Troubleshooting Hatchet Workers
This guide covers common issues when deploying and operating Hatchet workers.
Quick debugging checklist
Before diving into specific issues, run through these checks:
- Verify your API token — make sure
HATCHET_CLIENT_TOKENmatches the token generated in the Hatchet dashboard for your tenant. - Check worker logs — look for connection errors, heartbeat failures, or crash traces in your worker output.
- Check the dashboard — navigate to the Workers tab to see if your worker is registered and healthy.
- Confirm network connectivity — workers need to reach the Hatchet engine over gRPC. Firewalls, VPNs, or missing TLS configuration can block this.
- Check SDK version — ensure your SDK version is compatible with your engine version. Mismatches can cause subtle failures.

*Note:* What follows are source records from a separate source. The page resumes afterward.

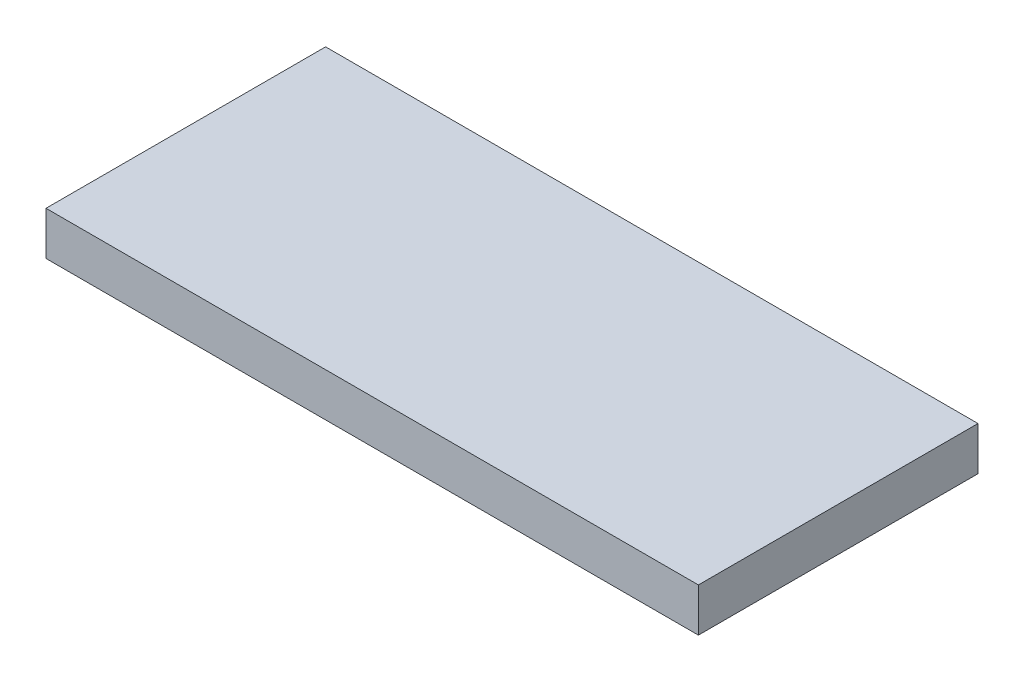
from build123d import *

# Parameters (mm, degrees)
ESQUISSE1_W        = 150
ESQUISSE1_H        = 64.285714286
BOSS_EXTRU_1_DEPTH = 10


with BuildPart() as part:
    # Esquisse1 → Boss.-Extru.1 (new body)
    with BuildSketch(Plane(origin=(0, 0, 0), x_dir=(1, 0, 0), z_dir=(0, 1, 0))):
        with Locations((75, 32.142857143)):
            Rectangle(ESQUISSE1_W, ESQUISSE1_H)
    extrude(amount=BOSS_EXTRU_1_DEPTH)


solid = part.part
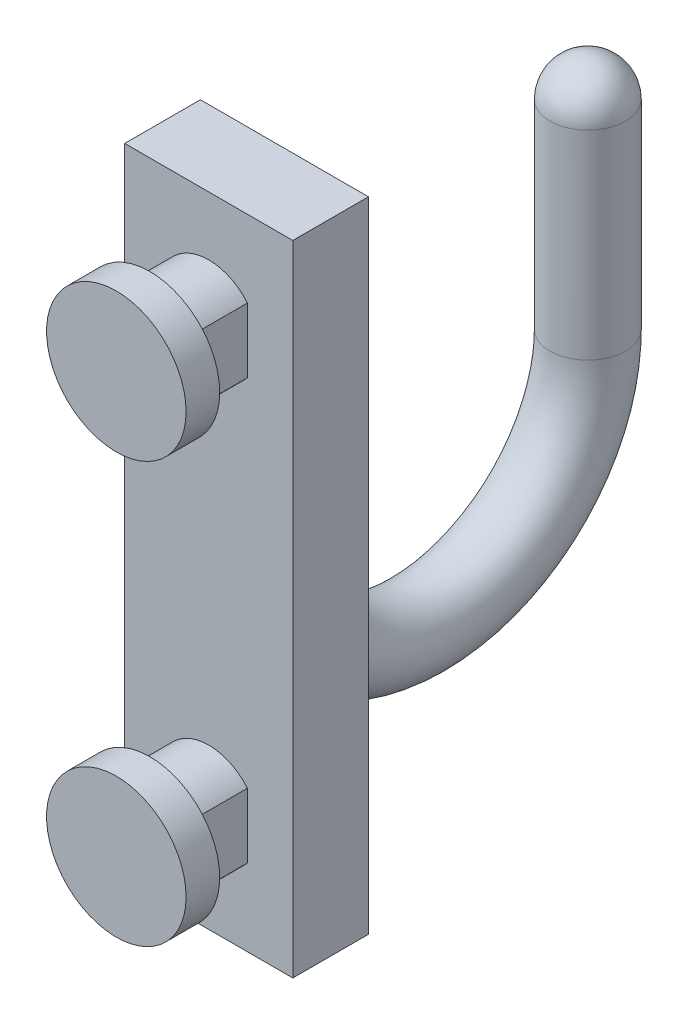
from build123d import *

# Parameters (mm, degrees)
EXTRUDE_1_DEPTH   = 3.5
EXTRUDE_1_2_DEPTH = 3.5
SKETCH_2_R        = 4.15
EXTRUDE_2_DEPTH   = 2
SKETCH_3_W        = 10
SKETCH_3_H        = 38
EXTRUDE_3_DEPTH   = 4.5
SKETCH_5_R        = 2.25


with BuildPart() as part:
    # 草图1 → 凸台-拉伸1 (new body)
    with BuildSketch(Plane.XY):
        with BuildLine():
            Line((-2.3, 1.926136028), (-2.3, -1.926136028))
            ThreePointArc((-2.3, -1.926136028), (0, -3), (2.3, -1.926136028))
            Line((2.3, -1.926136028), (2.3, 1.926136028))
            ThreePointArc((2.3, 1.926136028), (0, 3), (-2.3, 1.926136028))
        make_face()
    extrude(amount=EXTRUDE_1_DEPTH)



with BuildPart() as body_2:
    # 草图1 → Extrude 1 2 (new body)
    with BuildSketch(Plane.XY):
        with BuildLine():
            Line((-2.3, -23.073863972), (-2.3, -26.926136028))
            ThreePointArc((-2.3, -26.926136028), (0, -28), (2.3, -26.926136028))
            Line((2.3, -26.926136028), (2.3, -23.073863972))
            ThreePointArc((2.3, -23.073863972), (0, -22), (-2.3, -23.073863972))
        make_face()
    extrude(amount=EXTRUDE_1_2_DEPTH)


with BuildPart() as part_1:
    add(part.part)

    add(body_2.part)  # 凸台-拉伸2 merges body 2
    # 草图2 → 凸台-拉伸2 (add)
    with BuildSketch(Plane.XY.offset(3.5)):
        Circle(SKETCH_2_R)
        with Locations((0, -25)):
            Circle(SKETCH_2_R)
    extrude(amount=EXTRUDE_2_DEPTH)

    # 草图3 → 凸台-拉伸3 (add)
    with BuildSketch(Plane(origin=(0, 0, 0), x_dir=(-1, 0, 0), z_dir=(0, 0, -1))):
        with Locations((0, -12.5)):
            Rectangle(SKETCH_3_W, SKETCH_3_H)
    extrude(amount=EXTRUDE_3_DEPTH)

    # 扫描1: sweep along a path in 草图4
    with BuildLine(Plane(origin=(0, 0, 0), x_dir=(0, 0, -1), z_dir=(1, 0, 0))) as sweep_1_path:
        Line((2.25, 0), (2.25, -11.85))
        ThreePointArc((2.25, -11.85), (12.4, -22), (22.55, -11.85))
        Line((22.55, -11.85), (22.55, 0))
    # 草图5 → 扫描1 (sweep)
    with BuildSketch(Plane(origin=(0, 0, 0), x_dir=(1, 0, 0), z_dir=(0, 1, 0))):
        with Locations((0, 22.55)):
            Circle(SKETCH_5_R)
    sweep(path=sweep_1_path.line)

    # 草图6 → 旋转1 (revolve)
    with BuildSketch(Plane(origin=(0, 0, 0), x_dir=(0, 0, -1), z_dir=(1, 0, 0))):
        with BuildLine():
            Line((22.55, 0), (22.55, 2.25))
            ThreePointArc((22.55, 2.25), (20.959009742, 1.590990258), (20.3, 0))
            Line((20.3, 0), (22.55, 0))
        make_face()
    revolve(axis=Axis((0, 0, -22.55), (0, 1, 0)))


solid = part_1.part
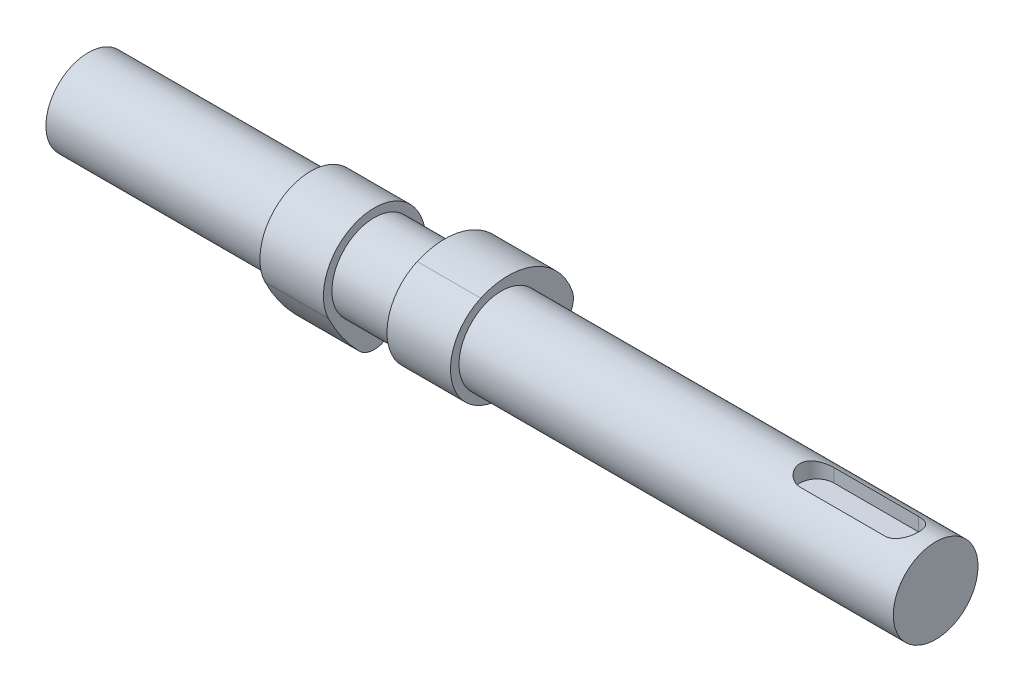
from build123d import *

# Parameters (mm, degrees)
SKETCH1_R                = 10
BOSS_EXTRUDE1_DEPTH      = 125
BOSS_EXTRUDE1_DEPTH_BACK = 75
BOSS_EXTRUDE2_START      = 15
BOSS_EXTRUDE2_DEPTH      = 7.5
BODY_MOVE_COPY1_ANGLE    = 90
CUT_EXTRUDE1_DEPTH       = 4


with BuildPart() as part:
    # Sketch1 → Boss-Extrude1 (new body, two sides)
    with BuildSketch(Plane(origin=(0, 0, 0), x_dir=(0, 0, -1), z_dir=(1, 0, 0))) as boss_extrude1_sk:
        Circle(SKETCH1_R)
    extrude(amount=BOSS_EXTRUDE1_DEPTH)
    extrude(boss_extrude1_sk.sketch, amount=-BOSS_EXTRUDE1_DEPTH_BACK)

    # Sketch4 → Cut-Extrude1 (cut)
    with BuildSketch(Plane(origin=(0, 10, 0), x_dir=(1, 0, 0), z_dir=(0, 1, 0))):
        with BuildLine():
            Line((117, -4), (97, -4))
            ThreePointArc((97, -4), (93, 0), (97, 4))
            Line((97, 4), (117, 4))
            ThreePointArc((117, 4), (121, 0), (117, -4))
        make_face()
    extrude(amount=-CUT_EXTRUDE1_DEPTH, mode=Mode.SUBTRACT)


with BuildPart() as body_2:
    # Sketch2 → Boss-Extrude2 (new body, symmetric)
    with BuildSketch(Plane(origin=(0, 0, 0), x_dir=(0, 0, -1), z_dir=(1, 0, 0)).offset(BOSS_EXTRUDE2_START)):
        with BuildLine():
            ThreePointArc((15.479542802, -3.587694386), (16.864464688, -1.143374761), (16.712672037, 1.661917746))
            ThreePointArc((16.712672037, 1.661917746), (7.958571112, 11.035699457), (-4.867089568, 10.968657125))
            ThreePointArc((-4.867089568, 10.968657125), (-10.868088345, -5.087696504), (5.306226617, -10.763083159))
            ThreePointArc((5.306226617, -10.763083159), (10.673744978, -7.573594418), (15.479542802, -3.587694386))
        make_face()
    extrude(amount=BOSS_EXTRUDE2_DEPTH, both=True)


with BuildPart() as body_3:
    # Mirror4: mirrored copy
    add(body_2.part.mirror(Plane(origin=(0, 0, 0), x_dir=(0, 0, 1), z_dir=(1, 0, 0))))


with BuildPart() as body_3_1:
    # Body-Move/Copy1: moved
    add(body_3.part.rotate(Axis((0, 0, 0), (-1, 0, 0)), BODY_MOVE_COPY1_ANGLE))


solid = Compound([part.part, body_2.part, body_3_1.part])
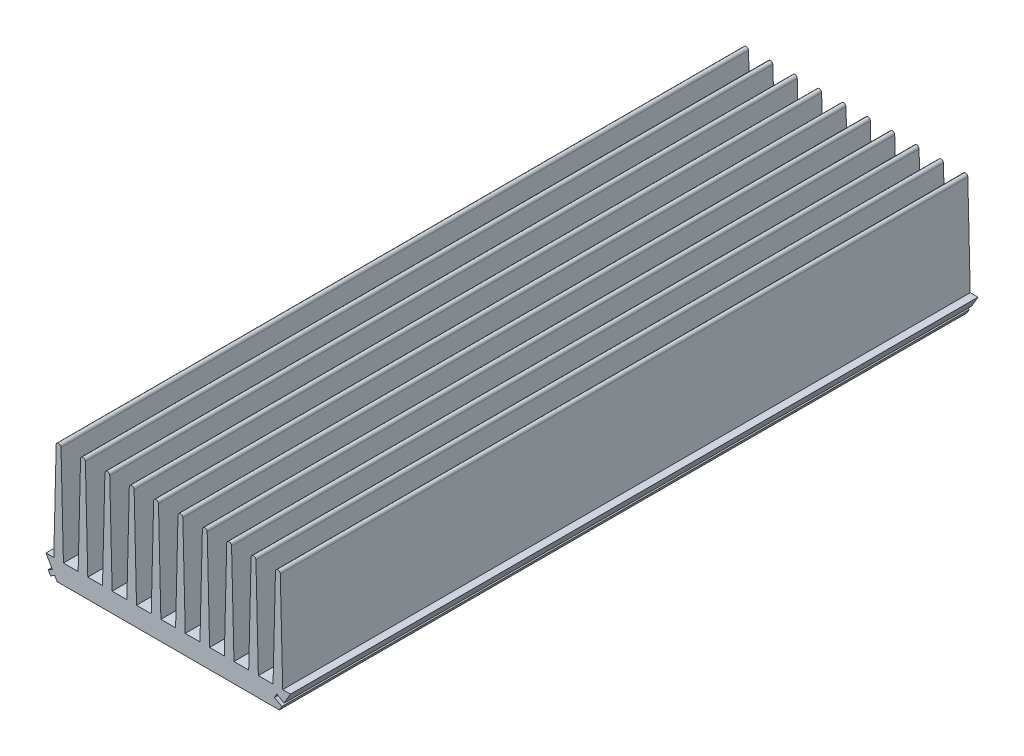
from build123d import *

# Parameters (mm, degrees)
RESSALTO_EXTRUS_O1_DEPTH   = 285
CORTE_EXTRUS_O1_DEPTH      = 1
CORTE_EXTRUS_O1_DEPTH_BACK = 286


with BuildPart() as part:
    # Esboço1 → Ressalto-extrusão1 (new body)
    with BuildSketch(Plane.XY):
        with BuildLine():
            Line((0, 0), (-115.1, 0))
            Line((-115.1, 0), (-115.1, 8))
            Line((-115.1, 8), (-114.1, 49))
            ThreePointArc((-114.1, 49), (-113.1, 50), (-112.1, 49))
            Line((-112.1, 49), (-111.1, 8))
            Line((-111.1, 8), (-105, 8))
            Line((-105, 8), (-104, 49))
            ThreePointArc((-104, 49), (-103, 50), (-102, 49))
            Line((-102, 49), (-101, 8))
            Line((-101, 8), (-94.9, 8))
            Line((-94.9, 8), (-93.9, 49))
            ThreePointArc((-93.9, 49), (-92.9, 50), (-91.9, 49))
            Line((-91.9, 49), (-90.9, 8))
            Line((-90.9, 8), (-84.8, 8))
            Line((-84.8, 8), (-83.8, 49))
            ThreePointArc((-83.8, 49), (-82.8, 50), (-81.8, 49))
            Line((-81.8, 49), (-80.8, 8))
            Line((-80.8, 8), (-74.7, 8))
            Line((-74.7, 8), (-73.7, 49))
            ThreePointArc((-73.7, 49), (-72.7, 50), (-71.7, 49))
            Line((-71.7, 49), (-70.7, 8))
            Line((-70.7, 8), (-64.6, 8))
            Line((-64.6, 8), (-63.6, 49))
            ThreePointArc((-63.6, 49), (-62.6, 50), (-61.6, 49))
            Line((-61.6, 49), (-60.6, 8))
            Line((-60.6, 8), (-54.5, 8))
            Line((-54.5, 8), (-53.5, 49))
            ThreePointArc((-53.5, 49), (-52.5, 50), (-51.5, 49))
            Line((-51.5, 49), (-50.5, 8))
            Line((-50.5, 8), (-44.4, 8))
            Line((-44.4, 8), (-43.4, 49))
            ThreePointArc((-43.4, 49), (-42.4, 50), (-41.4, 49))
            Line((-41.4, 49), (-40.4, 8))
            Line((-40.4, 8), (-34.3, 8))
            Line((-34.3, 8), (-33.3, 49))
            ThreePointArc((-33.3, 49), (-32.3, 50), (-31.3, 49))
            Line((-31.3, 49), (-30.3, 8))
            Line((-30.3, 8), (-24.2, 8))
            Line((-24.2, 8), (-23.2, 49))
            ThreePointArc((-23.2, 49), (-22.2, 50), (-21.2, 49))
            Line((-21.2, 49), (-20.2, 8))
            Line((-20.2, 8), (-14.1, 8))
            Line((-14.1, 8), (-13.1, 49))
            ThreePointArc((-13.1, 49), (-12.1, 50), (-11.1, 49))
            Line((-11.1, 49), (-10.1, 8))
            Line((-10.1, 8), (-4, 8))
            Line((-4, 8), (-3, 49))
            ThreePointArc((-3, 49), (-2, 50), (-1, 49))
            Line((-1, 49), (0, 8))
            Line((0, 8), (0, 0))
        make_face()
    extrude(amount=RESSALTO_EXTRUS_O1_DEPTH)

    # Esboço2 → Corte-extrusão1 (cut, two sides)
    with BuildSketch(Plane.XY.offset(285)) as corte_extrus_o1_sk:
        Polygon((-11.496152423, 0), (0, 0), (0, 52.247610254), (-6.877350269, 52.247610254), (-6.877350269, 8), (-9.496152423, 3.464101615), (-12.527241336, 5.214101615), (-13.527241336, 3.482050808), (-10.496152423, 1.732050808), align=None)
        Polygon((-103.603847577, 0), (-116.981639653, 0), (-116.981639653, 53.433129288), (-108.222649731, 53.433129288), (-108.222649731, 8), (-105.603847577, 3.464101615), (-107.335898385, 2.464101615), (-106.335898385, 0.732050808), (-104.603847577, 1.732050808), align=None)
    extrude(amount=CORTE_EXTRUS_O1_DEPTH, mode=Mode.SUBTRACT)
    extrude(corte_extrus_o1_sk.sketch, amount=-CORTE_EXTRUS_O1_DEPTH_BACK, mode=Mode.SUBTRACT)


solid = part.part

Could not send task to worker
If you see this error in the event history of a task, it could mean several things:
-
The worker is closing its network connection while the task is being sent. This could be caused by the worker crashing or going offline.
-
The payload is too large for the worker to accept or the Hatchet engine to send. The default maximum payload size is 4MB. Consider reducing the size of the input data or output data of your tasks.
-
The worker has a large backlog of tasks in-flight on the network connection and is rejecting new tasks. This can occur if workers are geographically distant from the Hatchet engine or if there are network issues causing delays. Hatchet Cloud runs by default in
us-west-2(Oregon, USA), so consider deploying your workers in a region close to that for the best performance.If you are self-hosting, you can increase the maximum backlog size via the
SERVER_GRPC_WORKER_STREAM_MAX_BACKLOG_SIZEenvironment variable in your Hatchet engine configuration. The default is 20.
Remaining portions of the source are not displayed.